§ Work request: The records that follow are to be repeated exactly, with the pictures removed.

[Stored records]

************

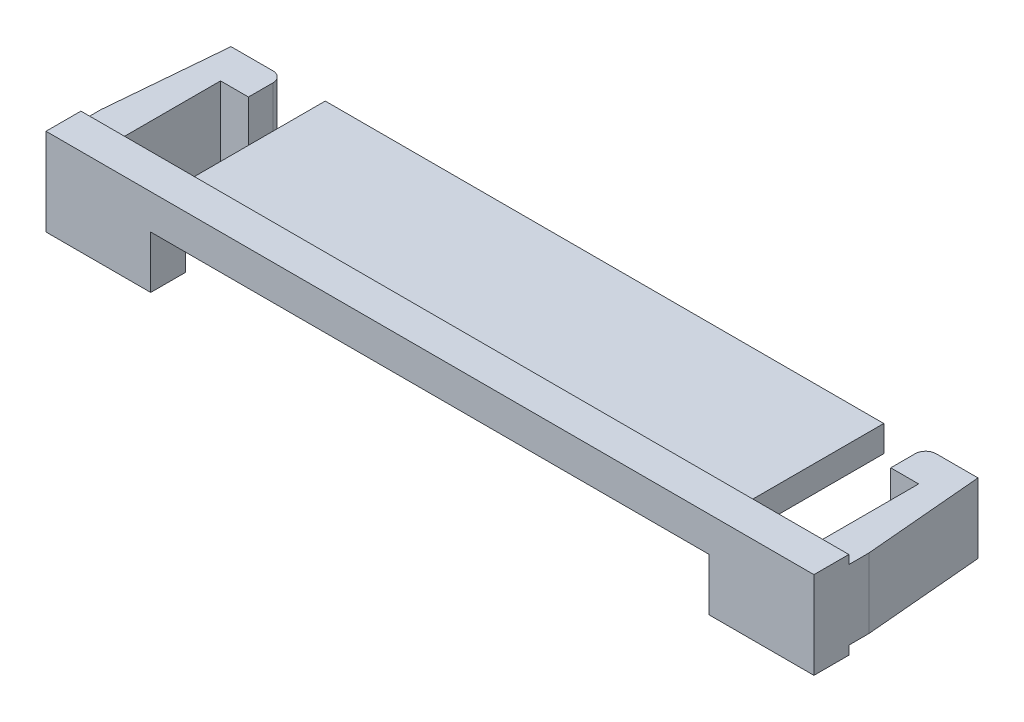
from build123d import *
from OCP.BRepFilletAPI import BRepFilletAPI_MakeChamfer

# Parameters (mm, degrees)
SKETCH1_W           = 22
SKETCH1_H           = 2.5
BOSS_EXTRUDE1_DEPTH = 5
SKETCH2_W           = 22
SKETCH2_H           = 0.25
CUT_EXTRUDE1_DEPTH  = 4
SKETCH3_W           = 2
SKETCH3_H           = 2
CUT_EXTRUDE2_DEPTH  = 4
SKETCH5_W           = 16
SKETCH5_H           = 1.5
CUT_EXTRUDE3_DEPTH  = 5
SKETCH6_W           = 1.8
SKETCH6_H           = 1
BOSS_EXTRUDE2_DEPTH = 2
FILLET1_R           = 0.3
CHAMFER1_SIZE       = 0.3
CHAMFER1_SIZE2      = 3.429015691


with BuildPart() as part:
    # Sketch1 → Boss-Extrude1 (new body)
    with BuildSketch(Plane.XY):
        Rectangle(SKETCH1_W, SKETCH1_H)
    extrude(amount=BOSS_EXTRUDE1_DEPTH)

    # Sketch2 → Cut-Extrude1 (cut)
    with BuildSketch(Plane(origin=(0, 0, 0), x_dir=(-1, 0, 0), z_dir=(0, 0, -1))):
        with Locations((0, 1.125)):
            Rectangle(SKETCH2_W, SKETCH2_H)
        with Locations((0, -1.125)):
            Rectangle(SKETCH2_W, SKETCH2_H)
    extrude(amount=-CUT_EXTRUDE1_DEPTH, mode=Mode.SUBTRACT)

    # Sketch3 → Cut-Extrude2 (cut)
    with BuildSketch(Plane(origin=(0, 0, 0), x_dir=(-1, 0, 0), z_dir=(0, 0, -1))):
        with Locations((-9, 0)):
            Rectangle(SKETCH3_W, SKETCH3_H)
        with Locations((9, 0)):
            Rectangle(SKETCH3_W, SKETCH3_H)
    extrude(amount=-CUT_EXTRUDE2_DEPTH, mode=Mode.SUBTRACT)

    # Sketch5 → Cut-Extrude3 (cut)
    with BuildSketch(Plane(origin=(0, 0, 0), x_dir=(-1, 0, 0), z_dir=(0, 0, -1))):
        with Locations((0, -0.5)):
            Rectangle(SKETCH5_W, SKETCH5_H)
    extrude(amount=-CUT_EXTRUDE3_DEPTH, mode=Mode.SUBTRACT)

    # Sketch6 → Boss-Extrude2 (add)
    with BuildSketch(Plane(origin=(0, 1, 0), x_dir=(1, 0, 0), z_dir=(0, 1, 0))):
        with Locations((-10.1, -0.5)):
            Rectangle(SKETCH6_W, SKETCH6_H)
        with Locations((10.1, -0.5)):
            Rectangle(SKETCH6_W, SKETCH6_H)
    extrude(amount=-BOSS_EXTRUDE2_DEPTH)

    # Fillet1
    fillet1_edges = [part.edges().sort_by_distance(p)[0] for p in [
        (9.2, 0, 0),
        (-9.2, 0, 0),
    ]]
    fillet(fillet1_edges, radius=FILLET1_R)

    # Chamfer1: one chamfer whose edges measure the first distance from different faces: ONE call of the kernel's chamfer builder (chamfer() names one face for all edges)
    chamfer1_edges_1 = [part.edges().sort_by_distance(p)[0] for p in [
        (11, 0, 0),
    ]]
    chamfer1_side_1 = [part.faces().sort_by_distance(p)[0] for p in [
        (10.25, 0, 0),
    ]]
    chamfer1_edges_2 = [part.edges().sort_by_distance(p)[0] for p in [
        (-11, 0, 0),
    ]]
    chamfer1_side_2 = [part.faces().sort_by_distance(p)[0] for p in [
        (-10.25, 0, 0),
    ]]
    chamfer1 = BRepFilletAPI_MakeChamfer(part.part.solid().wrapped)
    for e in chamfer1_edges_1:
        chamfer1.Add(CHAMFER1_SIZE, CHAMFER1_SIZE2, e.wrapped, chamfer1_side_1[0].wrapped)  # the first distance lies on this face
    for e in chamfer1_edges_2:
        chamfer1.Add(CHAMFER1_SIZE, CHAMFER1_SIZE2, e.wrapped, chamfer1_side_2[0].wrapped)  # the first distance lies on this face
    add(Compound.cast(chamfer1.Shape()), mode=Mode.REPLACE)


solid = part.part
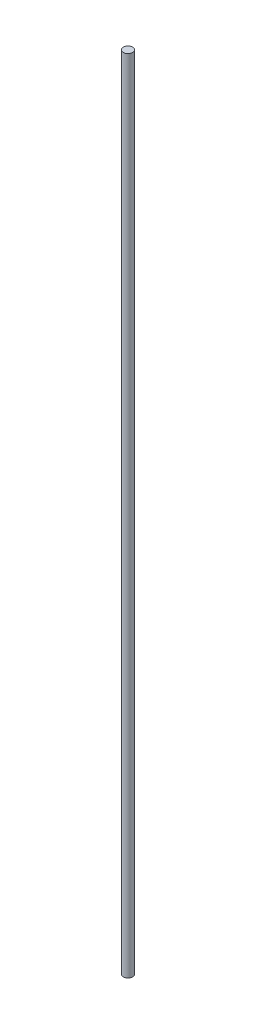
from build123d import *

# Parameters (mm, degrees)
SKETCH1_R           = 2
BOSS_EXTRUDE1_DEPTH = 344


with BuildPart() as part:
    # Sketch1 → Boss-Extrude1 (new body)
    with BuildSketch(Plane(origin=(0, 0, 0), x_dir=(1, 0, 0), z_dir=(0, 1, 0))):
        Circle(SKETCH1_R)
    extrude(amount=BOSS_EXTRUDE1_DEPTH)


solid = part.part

************

§ Output of the task:
from build123d import *
from OCP.BRepFilletAPI import BRepFilletAPI_MakeChamfer

# Parameters (mm, degrees)
SKETCH1_W           = 22
SKETCH1_H           = 2.5
BOSS_EXTRUDE1_DEPTH = 5
SKETCH2_W           = 22
SKETCH2_H           = 0.25
CUT_EXTRUDE1_DEPTH  = 4
SKETCH3_W           = 2
SKETCH3_H           = 2
CUT_EXTRUDE2_DEPTH  = 4
SKETCH5_W           = 16
SKETCH5_H           = 1.5
CUT_EXTRUDE3_DEPTH  = 5
SKETCH6_W           = 1.8
SKETCH6_H           = 1
BOSS_EXTRUDE2_DEPTH = 2
FILLET1_R           = 0.3
CHAMFER1_SIZE       = 0.3
CHAMFER1_SIZE2      = 3.429015691


with BuildPart() as part:
    # Sketch1 → Boss-Extrude1 (new body)
    with BuildSketch(Plane.XY):
        Rectangle(SKETCH1_W, SKETCH1_H)
    extrude(amount=BOSS_EXTRUDE1_DEPTH)

    # Sketch2 → Cut-Extrude1 (cut)
    with BuildSketch(Plane(origin=(0, 0, 0), x_dir=(-1, 0, 0), z_dir=(0, 0, -1))):
        with Locations((0, 1.125)):
            Rectangle(SKETCH2_W, SKETCH2_H)
        with Locations((0, -1.125)):
            Rectangle(SKETCH2_W, SKETCH2_H)
    extrude(amount=-CUT_EXTRUDE1_DEPTH, mode=Mode.SUBTRACT)

    # Sketch3 → Cut-Extrude2 (cut)
    with BuildSketch(Plane(origin=(0, 0, 0), x_dir=(-1, 0, 0), z_dir=(0, 0, -1))):
        with Locations((-9, 0)):
            Rectangle(SKETCH3_W, SKETCH3_H)
        with Locations((9, 0)):
            Rectangle(SKETCH3_W, SKETCH3_H)
    extrude(amount=-CUT_EXTRUDE2_DEPTH, mode=Mode.SUBTRACT)

    # Sketch5 → Cut-Extrude3 (cut)
    with BuildSketch(Plane(origin=(0, 0, 0), x_dir=(-1, 0, 0), z_dir=(0, 0, -1))):
        with Locations((0, -0.5)):
            Rectangle(SKETCH5_W, SKETCH5_H)
    extrude(amount=-CUT_EXTRUDE3_DEPTH, mode=Mode.SUBTRACT)

    # Sketch6 → Boss-Extrude2 (add)
    with BuildSketch(Plane(origin=(0, 1, 0), x_dir=(1, 0, 0), z_dir=(0, 1, 0))):
        with Locations((-10.1, -0.5)):
            Rectangle(SKETCH6_W, SKETCH6_H)
        with Locations((10.1, -0.5)):
            Rectangle(SKETCH6_W, SKETCH6_H)
    extrude(amount=-BOSS_EXTRUDE2_DEPTH)

    # Fillet1
    fillet1_edges = [part.edges().sort_by_distance(p)[0] for p in [
        (9.2, 0, 0),
        (-9.2, 0, 0),
    ]]
    fillet(fillet1_edges, radius=FILLET1_R)

    # Chamfer1: one chamfer whose edges measure the first distance from different faces: ONE call of the kernel's chamfer builder (chamfer() names one face for all edges)
    chamfer1_edges_1 = [part.edges().sort_by_distance(p)[0] for p in [
        (11, 0, 0),
    ]]
    chamfer1_side_1 = [part.faces().sort_by_distance(p)[0] for p in [
        (10.25, 0, 0),
    ]]
    chamfer1_edges_2 = [part.edges().sort_by_distance(p)[0] for p in [
        (-11, 0, 0),
    ]]
    chamfer1_side_2 = [part.faces().sort_by_distance(p)[0] for p in [
        (-10.25, 0, 0),
    ]]
    chamfer1 = BRepFilletAPI_MakeChamfer(part.part.solid().wrapped)
    for e in chamfer1_edges_1:
        chamfer1.Add(CHAMFER1_SIZE, CHAMFER1_SIZE2, e.wrapped, chamfer1_side_1[0].wrapped)  # the first distance lies on this face
    for e in chamfer1_edges_2:
        chamfer1.Add(CHAMFER1_SIZE, CHAMFER1_SIZE2, e.wrapped, chamfer1_side_2[0].wrapped)  # the first distance lies on this face
    add(Compound.cast(chamfer1.Shape()), mode=Mode.REPLACE)


solid = part.part
from build123d import *

# Parameters (mm, degrees)
SKETCH1_R           = 2
BOSS_EXTRUDE1_DEPTH = 344


with BuildPart() as part:
    # Sketch1 → Boss-Extrude1 (new body)
    with BuildSketch(Plane(origin=(0, 0, 0), x_dir=(1, 0, 0), z_dir=(0, 1, 0))):
        Circle(SKETCH1_R)
    extrude(amount=BOSS_EXTRUDE1_DEPTH)


solid = part.part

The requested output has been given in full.